(Stored data)
┌──
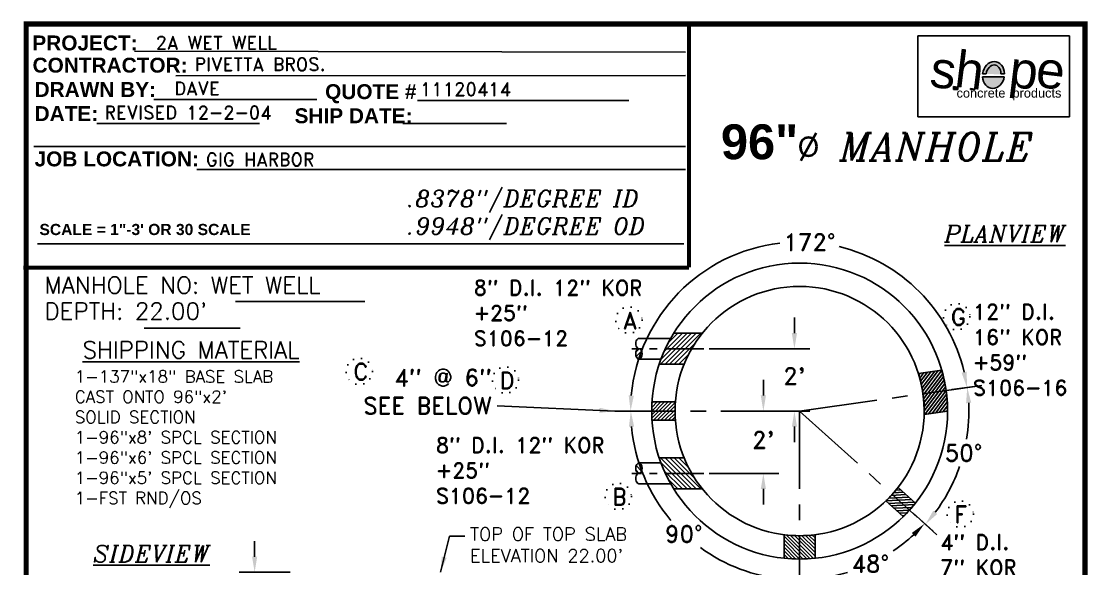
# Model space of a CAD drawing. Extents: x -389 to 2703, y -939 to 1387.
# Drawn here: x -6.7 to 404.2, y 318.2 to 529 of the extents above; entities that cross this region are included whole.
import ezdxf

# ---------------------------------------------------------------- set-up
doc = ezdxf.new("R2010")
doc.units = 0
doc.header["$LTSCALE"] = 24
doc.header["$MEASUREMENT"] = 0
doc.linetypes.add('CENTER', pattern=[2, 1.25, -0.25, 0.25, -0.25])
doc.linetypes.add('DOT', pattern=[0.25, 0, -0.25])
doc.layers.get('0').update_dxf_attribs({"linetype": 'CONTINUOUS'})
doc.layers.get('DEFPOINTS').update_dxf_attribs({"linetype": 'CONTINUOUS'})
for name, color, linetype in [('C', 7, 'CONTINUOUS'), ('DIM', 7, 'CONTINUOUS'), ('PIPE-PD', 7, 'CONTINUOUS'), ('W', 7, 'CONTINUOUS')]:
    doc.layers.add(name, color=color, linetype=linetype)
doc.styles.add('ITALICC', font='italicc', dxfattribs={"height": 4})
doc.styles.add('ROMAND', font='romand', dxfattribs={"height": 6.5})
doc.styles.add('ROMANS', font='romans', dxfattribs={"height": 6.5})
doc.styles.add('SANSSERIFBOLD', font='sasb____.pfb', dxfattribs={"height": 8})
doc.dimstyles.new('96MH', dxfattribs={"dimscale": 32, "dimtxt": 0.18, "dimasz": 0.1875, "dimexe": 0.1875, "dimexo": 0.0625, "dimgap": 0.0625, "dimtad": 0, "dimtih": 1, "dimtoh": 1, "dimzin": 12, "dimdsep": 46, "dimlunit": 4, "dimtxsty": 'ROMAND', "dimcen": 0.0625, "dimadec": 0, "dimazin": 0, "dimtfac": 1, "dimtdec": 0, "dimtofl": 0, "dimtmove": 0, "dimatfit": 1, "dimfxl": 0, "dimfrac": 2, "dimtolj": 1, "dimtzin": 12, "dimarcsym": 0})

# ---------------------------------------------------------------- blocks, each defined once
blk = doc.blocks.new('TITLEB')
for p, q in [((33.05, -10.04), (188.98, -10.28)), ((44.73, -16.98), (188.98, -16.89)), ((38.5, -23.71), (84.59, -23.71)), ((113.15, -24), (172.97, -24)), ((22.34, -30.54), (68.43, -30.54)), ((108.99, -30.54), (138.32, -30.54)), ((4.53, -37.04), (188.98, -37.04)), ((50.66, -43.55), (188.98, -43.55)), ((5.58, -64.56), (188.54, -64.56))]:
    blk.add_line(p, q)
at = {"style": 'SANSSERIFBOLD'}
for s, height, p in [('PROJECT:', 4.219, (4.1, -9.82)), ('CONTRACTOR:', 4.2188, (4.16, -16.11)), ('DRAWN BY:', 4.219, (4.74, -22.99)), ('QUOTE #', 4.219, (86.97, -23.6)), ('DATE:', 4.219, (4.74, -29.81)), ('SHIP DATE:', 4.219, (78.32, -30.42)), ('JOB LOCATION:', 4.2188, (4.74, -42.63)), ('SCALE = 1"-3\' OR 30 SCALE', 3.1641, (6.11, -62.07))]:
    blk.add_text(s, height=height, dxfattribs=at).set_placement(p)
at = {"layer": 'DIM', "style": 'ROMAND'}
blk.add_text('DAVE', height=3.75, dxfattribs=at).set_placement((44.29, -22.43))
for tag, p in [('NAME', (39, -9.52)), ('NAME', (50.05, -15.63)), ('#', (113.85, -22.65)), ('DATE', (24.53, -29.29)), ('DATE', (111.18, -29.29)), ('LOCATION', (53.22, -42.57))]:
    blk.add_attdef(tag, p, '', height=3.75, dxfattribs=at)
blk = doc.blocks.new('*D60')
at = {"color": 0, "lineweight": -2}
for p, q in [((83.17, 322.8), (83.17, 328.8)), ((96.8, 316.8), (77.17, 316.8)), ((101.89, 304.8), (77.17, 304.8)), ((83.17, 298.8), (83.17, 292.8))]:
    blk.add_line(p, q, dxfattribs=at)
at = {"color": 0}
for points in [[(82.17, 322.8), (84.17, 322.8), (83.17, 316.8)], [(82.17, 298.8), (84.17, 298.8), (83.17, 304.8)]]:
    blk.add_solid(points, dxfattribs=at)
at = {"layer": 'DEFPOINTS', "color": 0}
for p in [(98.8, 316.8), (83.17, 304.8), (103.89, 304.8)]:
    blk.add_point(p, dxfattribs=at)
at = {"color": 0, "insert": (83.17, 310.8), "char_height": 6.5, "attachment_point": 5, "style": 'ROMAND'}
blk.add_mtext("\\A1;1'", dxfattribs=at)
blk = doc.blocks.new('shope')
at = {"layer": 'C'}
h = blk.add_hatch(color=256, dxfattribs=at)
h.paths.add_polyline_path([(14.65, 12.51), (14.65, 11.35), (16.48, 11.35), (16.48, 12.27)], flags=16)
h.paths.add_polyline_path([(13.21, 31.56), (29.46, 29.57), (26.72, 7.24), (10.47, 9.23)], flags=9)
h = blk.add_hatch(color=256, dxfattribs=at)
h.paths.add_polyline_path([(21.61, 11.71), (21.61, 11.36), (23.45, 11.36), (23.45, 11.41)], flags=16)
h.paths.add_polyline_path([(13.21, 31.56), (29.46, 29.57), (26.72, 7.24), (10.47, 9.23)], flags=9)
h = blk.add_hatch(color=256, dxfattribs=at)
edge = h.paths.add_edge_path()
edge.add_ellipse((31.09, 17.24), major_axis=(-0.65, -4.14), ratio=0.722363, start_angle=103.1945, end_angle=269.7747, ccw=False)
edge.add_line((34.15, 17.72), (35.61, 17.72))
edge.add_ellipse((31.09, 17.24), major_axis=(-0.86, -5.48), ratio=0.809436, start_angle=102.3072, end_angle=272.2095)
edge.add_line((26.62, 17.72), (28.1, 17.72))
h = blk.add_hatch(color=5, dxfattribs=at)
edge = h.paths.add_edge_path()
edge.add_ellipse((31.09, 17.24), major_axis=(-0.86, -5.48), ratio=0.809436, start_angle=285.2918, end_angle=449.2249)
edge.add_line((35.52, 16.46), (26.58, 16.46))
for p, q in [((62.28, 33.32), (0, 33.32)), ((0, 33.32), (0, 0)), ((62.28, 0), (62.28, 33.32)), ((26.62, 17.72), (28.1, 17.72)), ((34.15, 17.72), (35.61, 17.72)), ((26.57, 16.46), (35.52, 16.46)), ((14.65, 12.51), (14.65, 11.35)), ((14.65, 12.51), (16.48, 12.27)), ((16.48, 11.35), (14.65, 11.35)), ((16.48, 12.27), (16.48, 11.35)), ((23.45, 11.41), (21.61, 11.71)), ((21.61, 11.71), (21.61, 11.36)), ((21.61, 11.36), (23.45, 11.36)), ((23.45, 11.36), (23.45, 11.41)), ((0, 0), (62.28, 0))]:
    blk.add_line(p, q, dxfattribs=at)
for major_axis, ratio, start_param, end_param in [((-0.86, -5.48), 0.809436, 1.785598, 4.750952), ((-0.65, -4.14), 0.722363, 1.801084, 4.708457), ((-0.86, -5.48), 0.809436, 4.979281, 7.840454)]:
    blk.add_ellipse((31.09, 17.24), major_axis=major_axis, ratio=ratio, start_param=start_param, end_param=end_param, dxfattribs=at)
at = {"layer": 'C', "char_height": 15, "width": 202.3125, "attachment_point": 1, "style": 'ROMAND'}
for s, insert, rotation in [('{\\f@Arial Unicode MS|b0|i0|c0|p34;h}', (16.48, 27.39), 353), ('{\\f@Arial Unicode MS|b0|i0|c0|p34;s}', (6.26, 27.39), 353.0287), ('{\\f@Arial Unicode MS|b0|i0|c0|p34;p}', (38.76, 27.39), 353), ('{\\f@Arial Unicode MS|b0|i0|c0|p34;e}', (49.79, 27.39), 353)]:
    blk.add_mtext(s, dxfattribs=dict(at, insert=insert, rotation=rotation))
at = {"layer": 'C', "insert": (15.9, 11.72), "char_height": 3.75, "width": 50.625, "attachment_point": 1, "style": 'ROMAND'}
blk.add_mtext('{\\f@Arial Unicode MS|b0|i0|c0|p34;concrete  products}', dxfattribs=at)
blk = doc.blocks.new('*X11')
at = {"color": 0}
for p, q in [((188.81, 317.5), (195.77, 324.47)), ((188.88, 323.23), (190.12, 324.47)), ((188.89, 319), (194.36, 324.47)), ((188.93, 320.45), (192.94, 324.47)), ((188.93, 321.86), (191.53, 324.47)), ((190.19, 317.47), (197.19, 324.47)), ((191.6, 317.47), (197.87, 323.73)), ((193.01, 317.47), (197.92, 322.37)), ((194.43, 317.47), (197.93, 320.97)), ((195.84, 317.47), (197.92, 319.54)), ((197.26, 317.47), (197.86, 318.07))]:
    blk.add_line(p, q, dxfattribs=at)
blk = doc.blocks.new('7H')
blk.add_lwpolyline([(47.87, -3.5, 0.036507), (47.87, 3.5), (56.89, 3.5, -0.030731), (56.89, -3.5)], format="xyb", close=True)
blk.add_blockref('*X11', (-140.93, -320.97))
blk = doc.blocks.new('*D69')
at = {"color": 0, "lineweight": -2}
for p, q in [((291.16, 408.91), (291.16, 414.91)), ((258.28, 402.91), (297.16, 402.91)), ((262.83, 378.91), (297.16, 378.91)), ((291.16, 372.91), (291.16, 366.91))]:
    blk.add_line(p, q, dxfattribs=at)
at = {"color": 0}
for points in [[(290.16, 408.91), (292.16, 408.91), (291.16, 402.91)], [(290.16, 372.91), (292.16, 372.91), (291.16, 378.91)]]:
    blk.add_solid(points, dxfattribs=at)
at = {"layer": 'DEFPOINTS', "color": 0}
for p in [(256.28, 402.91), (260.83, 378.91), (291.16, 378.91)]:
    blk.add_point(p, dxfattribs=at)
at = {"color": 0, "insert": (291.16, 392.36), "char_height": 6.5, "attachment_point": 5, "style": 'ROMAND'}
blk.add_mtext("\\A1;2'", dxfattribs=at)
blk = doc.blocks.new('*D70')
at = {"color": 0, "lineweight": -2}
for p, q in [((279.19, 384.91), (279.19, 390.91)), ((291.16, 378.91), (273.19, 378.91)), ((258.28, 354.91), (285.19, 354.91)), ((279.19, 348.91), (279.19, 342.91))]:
└──
Task goal: Within the records above, each line containing "width" is to be returned.

Solution to this exercise:
at = {"layer": 'C', "char_height": 15, "width": 202.3125, "attachment_point": 1, "style": 'ROMAND'}
at = {"layer": 'C', "insert": (15.9, 11.72), "char_height": 3.75, "width": 50.625, "attachment_point": 1, "style": 'ROMAND'}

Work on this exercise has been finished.